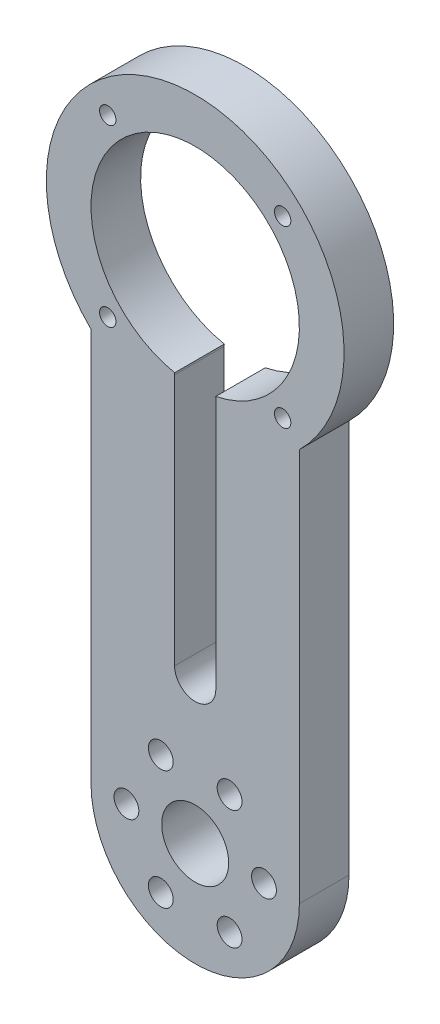
ISO-10303-21;
HEADER;
FILE_DESCRIPTION(('STEP AP214'),'2;1');
FILE_NAME('part.step','',(''),(''),'','','');
FILE_SCHEMA(('AUTOMOTIVE_DESIGN { 1 0 10303 214 1 1 1 1 }'));
ENDSEC;
DATA;
#1=APPLICATION_CONTEXT('core data for automotive mechanical design processes');
#2=APPLICATION_PROTOCOL_DEFINITION('international standard','automotive_design',2000,#1);
#3=PRODUCT_CONTEXT('',#1,'mechanical');
#4=PRODUCT('Part','Part','',(#3));
#5=PRODUCT_RELATED_PRODUCT_CATEGORY('part','',(#4));
#6=PRODUCT_DEFINITION_FORMATION('','',#4);
#7=PRODUCT_DEFINITION_CONTEXT('part definition',#1,'design');
#8=PRODUCT_DEFINITION('design','',#6,#7);
#9=PRODUCT_DEFINITION_SHAPE('','',#8);
#10=(LENGTH_UNIT() NAMED_UNIT(*) SI_UNIT(.MILLI.,.METRE.));
#11=(NAMED_UNIT(*) PLANE_ANGLE_UNIT() SI_UNIT($,.RADIAN.));
#12=(NAMED_UNIT(*) SI_UNIT($,.STERADIAN.) SOLID_ANGLE_UNIT());
#13=UNCERTAINTY_MEASURE_WITH_UNIT(LENGTH_MEASURE(1.E-05),#10,'distance_accuracy_value','');
#14=(GEOMETRIC_REPRESENTATION_CONTEXT(3) GLOBAL_UNCERTAINTY_ASSIGNED_CONTEXT((#13)) GLOBAL_UNIT_ASSIGNED_CONTEXT((#10,
#11,#12)) REPRESENTATION_CONTEXT('',''));
#15=CARTESIAN_POINT('',(0.,0.,0.));
#16=DIRECTION('',(0.,0.,1.));
#17=DIRECTION('',(1.,0.,0.));
#18=AXIS2_PLACEMENT_3D('',#15,#16,#17);
#19=CARTESIAN_POINT('',(-0.772803143949785,46.7519215493666,10.));
#20=DIRECTION('',(0.,0.,1.));
#21=DIRECTION('',(1.,0.,0.));
#22=AXIS2_PLACEMENT_3D('',#19,#20,#21);
#23=PLANE('',#22);
#24=CARTESIAN_POINT('',(16.8483537328802,29.1307646725367,10.));
#25=DIRECTION('',(0.,0.,1.));
#26=DIRECTION('',(1.,0.,0.));
#27=AXIS2_PLACEMENT_3D('',#24,#25,#26);
#28=CIRCLE('',#27,1.65008079549024);
#29=CARTESIAN_POINT('',(18.4984345283704,29.1307646725367,10.));
#30=VERTEX_POINT('',#29);
#31=EDGE_CURVE('E366',#30,#30,#28,.T.);
#32=ORIENTED_EDGE('',*,*,#31,.F.);
#33=EDGE_LOOP('',(#32));
#34=FACE_BOUND('',#33,.T.);
#35=CARTESIAN_POINT('',(6.15815903148356,-41.9439355802954,10.));
#36=DIRECTION('',(0.,0.,1.));
#37=DIRECTION('',(1.,0.,0.));
#38=AXIS2_PLACEMENT_3D('',#35,#36,#37);
#39=CIRCLE('',#38,2.49999999999999);
#40=CARTESIAN_POINT('',(8.65815903148355,-41.9439355802954,10.));
#41=VERTEX_POINT('',#40);
#42=EDGE_CURVE('E382',#41,#41,#39,.T.);
#43=ORIENTED_EDGE('',*,*,#42,.F.);
#44=EDGE_LOOP('',(#43));
#45=FACE_BOUND('',#44,.T.);
#46=CARTESIAN_POINT('',(-14.6347274948162,-53.9487142134837,10.));
#47=DIRECTION('',(0.,0.,1.));
#48=DIRECTION('',(1.,0.,0.));
#49=AXIS2_PLACEMENT_3D('',#46,#47,#48);
#50=CIRCLE('',#49,2.5);
#51=CARTESIAN_POINT('',(-12.1347274948162,-53.9487142134837,10.));
#52=VERTEX_POINT('',#51);
#53=EDGE_CURVE('E398',#52,#52,#50,.T.);
#54=ORIENTED_EDGE('',*,*,#53,.F.);
#55=EDGE_LOOP('',(#54));
#56=FACE_BOUND('',#55,.T.);
#57=CARTESIAN_POINT('',(6.15815903148341,-65.9534928466722,10.));
#58=DIRECTION('',(0.,0.,1.));
#59=DIRECTION('',(1.,0.,0.));
#60=AXIS2_PLACEMENT_3D('',#57,#58,#59);
#61=CIRCLE('',#60,2.5);
#62=CARTESIAN_POINT('',(8.65815903148341,-65.9534928466722,10.));
#63=VERTEX_POINT('',#62);
#64=EDGE_CURVE('E414',#63,#63,#61,.T.);
#65=ORIENTED_EDGE('',*,*,#64,.F.);
#66=EDGE_LOOP('',(#65));
#67=FACE_BOUND('',#66,.T.);
#68=CARTESIAN_POINT('',(13.0891212069166,-53.9487142134838,10.));
#69=DIRECTION('',(0.,0.,1.));
#70=DIRECTION('',(1.,0.,0.));
#71=AXIS2_PLACEMENT_3D('',#68,#69,#70);
#72=CIRCLE('',#71,2.5);
#73=CARTESIAN_POINT('',(15.5891212069166,-53.9487142134838,10.));
#74=VERTEX_POINT('',#73);
#75=EDGE_CURVE('E164',#74,#74,#72,.T.);
#76=ORIENTED_EDGE('',*,*,#75,.F.);
#77=EDGE_LOOP('',(#76));
#78=FACE_BOUND('',#77,.T.);
#79=CARTESIAN_POINT('',(-0.772803143949785,46.7519215493666,10.));
#80=DIRECTION('',(0.,0.,1.));
#81=DIRECTION('',(1.,0.,0.));
#82=AXIS2_PLACEMENT_3D('',#79,#80,#81);
#83=CIRCLE('',#82,30.);
#84=CARTESIAN_POINT('',(20.2271968560502,25.3276362637381,10.));
#85=VERTEX_POINT('',#84);
#86=CARTESIAN_POINT('',(-21.7728031439498,25.3276362637381,10.));
#87=VERTEX_POINT('',#86);
#88=EDGE_CURVE('E202',#85,#87,#83,.T.);
#89=ORIENTED_EDGE('',*,*,#88,.T.);
#90=DIRECTION('',(0.,-1.,0.));
#91=VECTOR('',#90,1.);
#92=CARTESIAN_POINT('',(-21.7728031439498,25.3276362637381,10.));
#93=LINE('',#92,#91);
#94=CARTESIAN_POINT('',(-21.7728031439498,-53.9487142134838,10.));
#95=VERTEX_POINT('',#94);
#96=EDGE_CURVE('E206',#87,#95,#93,.T.);
#97=ORIENTED_EDGE('',*,*,#96,.T.);
#98=CARTESIAN_POINT('',(-0.772803143949785,-53.9487142134838,10.));
#99=DIRECTION('',(0.,0.,1.));
#100=DIRECTION('',(1.,0.,0.));
#101=AXIS2_PLACEMENT_3D('',#98,#99,#100);
#102=CIRCLE('',#101,21.);
#103=CARTESIAN_POINT('',(20.2271968560502,-53.9487142134838,10.));
#104=VERTEX_POINT('',#103);
#105=EDGE_CURVE('E210',#95,#104,#102,.T.);
#106=ORIENTED_EDGE('',*,*,#105,.T.);
#107=DIRECTION('',(0.,1.,0.));
#108=VECTOR('',#107,1.);
#109=CARTESIAN_POINT('',(20.2271968560502,25.3276362637381,10.));
#110=LINE('',#109,#108);
#111=EDGE_CURVE('E213',#104,#85,#110,.T.);
#112=ORIENTED_EDGE('',*,*,#111,.T.);
#113=EDGE_LOOP('',(#89,#97,#106,#112));
#114=FACE_BOUND('',#113,.T.);
#115=CARTESIAN_POINT('',(-0.772803143949785,-53.9487142134838,10.));
#116=DIRECTION('',(0.,0.,1.));
#117=DIRECTION('',(1.,0.,0.));
#118=AXIS2_PLACEMENT_3D('',#115,#116,#117);
#119=CIRCLE('',#118,6.75);
#120=CARTESIAN_POINT('',(5.97719685605022,-53.9487142134838,10.));
#121=VERTEX_POINT('',#120);
#122=EDGE_CURVE('E194',#121,#121,#119,.T.);
#123=ORIENTED_EDGE('',*,*,#122,.F.);
#124=EDGE_LOOP('',(#123));
#125=FACE_BOUND('',#124,.T.);
#126=CARTESIAN_POINT('',(-0.772803143949785,46.7519215493666,10.));
#127=DIRECTION('',(0.,0.,1.));
#128=DIRECTION('',(1.,0.,0.));
#129=AXIS2_PLACEMENT_3D('',#126,#127,#128);
#130=CIRCLE('',#129,21.);
#131=CARTESIAN_POINT('',(3.36082109707943,26.1627702644308,10.));
#132=VERTEX_POINT('',#131);
#133=CARTESIAN_POINT('',(-4.906427384979,26.1627702644308,10.));
#134=VERTEX_POINT('',#133);
#135=EDGE_CURVE('E130',#132,#134,#130,.T.);
#136=ORIENTED_EDGE('',*,*,#135,.F.);
#137=CARTESIAN_POINT('',(-0.772803143949785,25.7519215493666,10.));
#138=DIRECTION('',(0.,0.,1.));
#139=DIRECTION('',(1.,0.,0.));
#140=AXIS2_PLACEMENT_3D('',#137,#138,#139);
#141=CIRCLE('',#140,4.15399157831287);
#142=CARTESIAN_POINT('',(3.38118843436308,25.7519215493666,10.));
#143=VERTEX_POINT('',#142);
#144=EDGE_CURVE('E121',#143,#132,#141,.T.);
#145=ORIENTED_EDGE('',*,*,#144,.F.);
#146=DIRECTION('',(0.,1.,0.));
#147=VECTOR('',#146,1.);
#148=CARTESIAN_POINT('',(3.38118843436308,25.7519215493666,10.));
#149=LINE('',#148,#147);
#150=CARTESIAN_POINT('',(3.38118843436308,-25.0076956860267,10.));
#151=VERTEX_POINT('',#150);
#152=EDGE_CURVE('E159',#151,#143,#149,.T.);
#153=ORIENTED_EDGE('',*,*,#152,.F.);
#154=CARTESIAN_POINT('',(-0.772803143949785,-25.0076956860267,10.));
#155=DIRECTION('',(0.,0.,1.));
#156=DIRECTION('',(1.,0.,0.));
#157=AXIS2_PLACEMENT_3D('',#154,#155,#156);
#158=CIRCLE('',#157,4.15399157831287);
#159=CARTESIAN_POINT('',(-4.92679472226265,-25.0076956860267,10.));
#160=VERTEX_POINT('',#159);
#161=EDGE_CURVE('E156',#160,#151,#158,.T.);
#162=ORIENTED_EDGE('',*,*,#161,.F.);
#163=DIRECTION('',(0.,-1.,0.));
#164=VECTOR('',#163,1.);
#165=CARTESIAN_POINT('',(-4.92679472226265,25.7519215493666,10.));
#166=LINE('',#165,#164);
#167=CARTESIAN_POINT('',(-4.92679472226265,25.7519215493666,10.));
#168=VERTEX_POINT('',#167);
#169=EDGE_CURVE('E150',#168,#160,#166,.T.);
#170=ORIENTED_EDGE('',*,*,#169,.F.);
#171=CARTESIAN_POINT('',(-0.772803143949785,25.7519215493666,10.));
#172=DIRECTION('',(0.,0.,1.));
#173=DIRECTION('',(1.,0.,0.));
#174=AXIS2_PLACEMENT_3D('',#171,#172,#173);
#175=CIRCLE('',#174,4.15399157831287);
#176=EDGE_CURVE('E145',#134,#168,#175,.T.);
#177=ORIENTED_EDGE('',*,*,#176,.F.);
#178=EDGE_LOOP('',(#136,#145,#153,#162,#170,#177));
#179=FACE_BOUND('',#178,.T.);
#180=CARTESIAN_POINT('',(-18.3939600207798,64.3730784261966,10.));
#181=DIRECTION('',(0.,0.,1.));
#182=DIRECTION('',(1.,0.,0.));
#183=AXIS2_PLACEMENT_3D('',#180,#181,#182);
#184=CIRCLE('',#183,1.65);
#185=CARTESIAN_POINT('',(-16.7439600207798,64.3730784261966,10.));
#186=VERTEX_POINT('',#185);
#187=EDGE_CURVE('E422',#186,#186,#184,.T.);
#188=ORIENTED_EDGE('',*,*,#187,.F.);
#189=EDGE_LOOP('',(#188));
#190=FACE_BOUND('',#189,.T.);
#191=CARTESIAN_POINT('',(-7.70376531938305,-65.9534928466722,10.));
#192=DIRECTION('',(0.,0.,1.));
#193=DIRECTION('',(1.,0.,0.));
#194=AXIS2_PLACEMENT_3D('',#191,#192,#193);
#195=CIRCLE('',#194,2.50000000000002);
#196=CARTESIAN_POINT('',(-5.20376531938303,-65.9534928466722,10.));
#197=VERTEX_POINT('',#196);
#198=EDGE_CURVE('E406',#197,#197,#195,.T.);
#199=ORIENTED_EDGE('',*,*,#198,.F.);
#200=EDGE_LOOP('',(#199));
#201=FACE_BOUND('',#200,.T.);
#202=CARTESIAN_POINT('',(-7.70376531938288,-41.9439355802953,10.));
#203=DIRECTION('',(0.,0.,1.));
#204=DIRECTION('',(1.,0.,0.));
#205=AXIS2_PLACEMENT_3D('',#202,#203,#204);
#206=CIRCLE('',#205,2.49999999999999);
#207=CARTESIAN_POINT('',(-5.20376531938289,-41.9439355802953,10.));
#208=VERTEX_POINT('',#207);
#209=EDGE_CURVE('E390',#208,#208,#206,.T.);
#210=ORIENTED_EDGE('',*,*,#209,.F.);
#211=EDGE_LOOP('',(#210));
#212=FACE_BOUND('',#211,.T.);
#213=CARTESIAN_POINT('',(-18.3939600207798,29.1307646725367,10.));
#214=DIRECTION('',(0.,0.,1.));
#215=DIRECTION('',(1.,0.,0.));
#216=AXIS2_PLACEMENT_3D('',#213,#214,#215);
#217=CIRCLE('',#216,1.65);
#218=CARTESIAN_POINT('',(-16.7439600207798,29.1307646725367,10.));
#219=VERTEX_POINT('',#218);
#220=EDGE_CURVE('E374',#219,#219,#217,.T.);
#221=ORIENTED_EDGE('',*,*,#220,.F.);
#222=EDGE_LOOP('',(#221));
#223=FACE_BOUND('',#222,.T.);
#224=CARTESIAN_POINT('',(16.8483537328802,64.3730784261966,10.));
#225=DIRECTION('',(0.,0.,1.));
#226=DIRECTION('',(1.,0.,0.));
#227=AXIS2_PLACEMENT_3D('',#224,#225,#226);
#228=CIRCLE('',#227,1.65);
#229=CARTESIAN_POINT('',(18.4983537328802,64.3730784261966,10.));
#230=VERTEX_POINT('',#229);
#231=EDGE_CURVE('E354',#230,#230,#228,.T.);
#232=ORIENTED_EDGE('',*,*,#231,.F.);
#233=EDGE_LOOP('',(#232));
#234=FACE_BOUND('',#233,.T.);
#235=ADVANCED_FACE('F43',(#34,#45,#56,#67,#78,#114,#125,#179,#190,#201,#212,#223,#234),#23,.T.);
#236=CARTESIAN_POINT('',(-0.772803143949785,46.7519215493666,0.));
#237=DIRECTION('',(0.,0.,1.));
#238=DIRECTION('',(1.,0.,0.));
#239=AXIS2_PLACEMENT_3D('',#236,#237,#238);
#240=PLANE('',#239);
#241=CARTESIAN_POINT('',(-0.772803143949785,-53.9487142134838,0.));
#242=DIRECTION('',(0.,0.,1.));
#243=DIRECTION('',(1.,0.,0.));
#244=AXIS2_PLACEMENT_3D('',#241,#242,#243);
#245=CIRCLE('',#244,6.75);
#246=CARTESIAN_POINT('',(5.97719685605022,-53.9487142134838,0.));
#247=VERTEX_POINT('',#246);
#248=EDGE_CURVE('E139',#247,#247,#245,.T.);
#249=ORIENTED_EDGE('',*,*,#248,.T.);
#250=EDGE_LOOP('',(#249));
#251=FACE_BOUND('',#250,.T.);
#252=CARTESIAN_POINT('',(-0.772803143949785,46.7519215493666,0.));
#253=DIRECTION('',(0.,0.,1.));
#254=DIRECTION('',(1.,0.,0.));
#255=AXIS2_PLACEMENT_3D('',#252,#253,#254);
#256=CIRCLE('',#255,30.);
#257=CARTESIAN_POINT('',(20.2271968560502,25.3276362637381,0.));
#258=VERTEX_POINT('',#257);
#259=CARTESIAN_POINT('',(-21.7728031439498,25.3276362637381,0.));
#260=VERTEX_POINT('',#259);
#261=EDGE_CURVE('E198',#258,#260,#256,.T.);
#262=ORIENTED_EDGE('',*,*,#261,.F.);
#263=DIRECTION('',(0.,1.,0.));
#264=VECTOR('',#263,1.);
#265=CARTESIAN_POINT('',(20.2271968560502,25.3276362637381,0.));
#266=LINE('',#265,#264);
#267=CARTESIAN_POINT('',(20.2271968560502,-53.9487142134838,0.));
#268=VERTEX_POINT('',#267);
#269=EDGE_CURVE('E207',#268,#258,#266,.T.);
#270=ORIENTED_EDGE('',*,*,#269,.F.);
#271=CARTESIAN_POINT('',(-0.772803143949785,-53.9487142134838,0.));
#272=DIRECTION('',(0.,0.,1.));
#273=DIRECTION('',(1.,0.,0.));
#274=AXIS2_PLACEMENT_3D('',#271,#272,#273);
#275=CIRCLE('',#274,21.);
#276=CARTESIAN_POINT('',(-21.7728031439498,-53.9487142134838,0.));
#277=VERTEX_POINT('',#276);
#278=EDGE_CURVE('E223',#277,#268,#275,.T.);
#279=ORIENTED_EDGE('',*,*,#278,.F.);
#280=DIRECTION('',(0.,-1.,0.));
#281=VECTOR('',#280,1.);
#282=CARTESIAN_POINT('',(-21.7728031439498,25.3276362637381,0.));
#283=LINE('',#282,#281);
#284=EDGE_CURVE('E220',#260,#277,#283,.T.);
#285=ORIENTED_EDGE('',*,*,#284,.F.);
#286=EDGE_LOOP('',(#262,#270,#279,#285));
#287=FACE_BOUND('',#286,.T.);
#288=CARTESIAN_POINT('',(-0.772803143949785,25.7519215493666,0.));
#289=DIRECTION('',(0.,0.,1.));
#290=DIRECTION('',(1.,0.,0.));
#291=AXIS2_PLACEMENT_3D('',#288,#289,#290);
#292=CIRCLE('',#291,4.15399157831287);
#293=CARTESIAN_POINT('',(3.38118843436308,25.7519215493666,0.));
#294=VERTEX_POINT('',#293);
#295=CARTESIAN_POINT('',(3.36082109707943,26.1627702644308,0.));
#296=VERTEX_POINT('',#295);
#297=EDGE_CURVE('E67',#294,#296,#292,.T.);
#298=ORIENTED_EDGE('',*,*,#297,.T.);
#299=CARTESIAN_POINT('',(-0.772803143949785,46.7519215493666,0.));
#300=DIRECTION('',(0.,0.,1.));
#301=DIRECTION('',(1.,0.,0.));
#302=AXIS2_PLACEMENT_3D('',#299,#300,#301);
#303=CIRCLE('',#302,21.);
#304=CARTESIAN_POINT('',(-4.906427384979,26.1627702644308,0.));
#305=VERTEX_POINT('',#304);
#306=EDGE_CURVE('E137',#296,#305,#303,.T.);
#307=ORIENTED_EDGE('',*,*,#306,.T.);
#308=CARTESIAN_POINT('',(-0.772803143949785,25.7519215493666,0.));
#309=DIRECTION('',(0.,0.,1.));
#310=DIRECTION('',(1.,0.,0.));
#311=AXIS2_PLACEMENT_3D('',#308,#309,#310);
#312=CIRCLE('',#311,4.15399157831287);
#313=CARTESIAN_POINT('',(-4.92679472226265,25.7519215493666,0.));
#314=VERTEX_POINT('',#313);
#315=EDGE_CURVE('E167',#305,#314,#312,.T.);
#316=ORIENTED_EDGE('',*,*,#315,.T.);
#317=DIRECTION('',(0.,-1.,0.));
#318=VECTOR('',#317,1.);
#319=CARTESIAN_POINT('',(-4.92679472226265,25.7519215493666,0.));
#320=LINE('',#319,#318);
#321=CARTESIAN_POINT('',(-4.92679472226265,-25.0076956860267,0.));
#322=VERTEX_POINT('',#321);
#323=EDGE_CURVE('E171',#314,#322,#320,.T.);
#324=ORIENTED_EDGE('',*,*,#323,.T.);
#325=CARTESIAN_POINT('',(-0.772803143949785,-25.0076956860267,0.));
#326=DIRECTION('',(0.,0.,1.));
#327=DIRECTION('',(1.,0.,0.));
#328=AXIS2_PLACEMENT_3D('',#325,#326,#327);
#329=CIRCLE('',#328,4.15399157831287);
#330=CARTESIAN_POINT('',(3.38118843436308,-25.0076956860267,0.));
#331=VERTEX_POINT('',#330);
#332=EDGE_CURVE('E175',#322,#331,#329,.T.);
#333=ORIENTED_EDGE('',*,*,#332,.T.);
#334=DIRECTION('',(0.,1.,0.));
#335=VECTOR('',#334,1.);
#336=CARTESIAN_POINT('',(3.38118843436308,25.7519215493666,0.));
#337=LINE('',#336,#335);
#338=EDGE_CURVE('E131',#331,#294,#337,.T.);
#339=ORIENTED_EDGE('',*,*,#338,.T.);
#340=EDGE_LOOP('',(#298,#307,#316,#324,#333,#339));
#341=FACE_BOUND('',#340,.T.);
#342=CARTESIAN_POINT('',(13.0891212069166,-53.9487142134838,0.));
#343=DIRECTION('',(0.,0.,1.));
#344=DIRECTION('',(1.,0.,0.));
#345=AXIS2_PLACEMENT_3D('',#342,#343,#344);
#346=CIRCLE('',#345,2.5);
#347=CARTESIAN_POINT('',(15.5891212069166,-53.9487142134838,0.));
#348=VERTEX_POINT('',#347);
#349=EDGE_CURVE('E426',#348,#348,#346,.T.);
#350=ORIENTED_EDGE('',*,*,#349,.T.);
#351=EDGE_LOOP('',(#350));
#352=FACE_BOUND('',#351,.T.);
#353=CARTESIAN_POINT('',(-18.3939600207798,64.3730784261966,0.));
#354=DIRECTION('',(0.,0.,1.));
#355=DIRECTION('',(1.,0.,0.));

The task: From the first line above down to the line with "#3=PRODUCT_CONTEXT('',#1,'mechanical');", reproduce every line and no others, omitting pictures.

Answer section:
ISO-10303-21;
HEADER;
FILE_DESCRIPTION(('STEP AP214'),'2;1');
FILE_NAME('part.step','',(''),(''),'','','');
FILE_SCHEMA(('AUTOMOTIVE_DESIGN { 1 0 10303 214 1 1 1 1 }'));
ENDSEC;
DATA;
#1=APPLICATION_CONTEXT('core data for automotive mechanical design processes');
#2=APPLICATION_PROTOCOL_DEFINITION('international standard','automotive_design',2000,#1);
#3=PRODUCT_CONTEXT('',#1,'mechanical');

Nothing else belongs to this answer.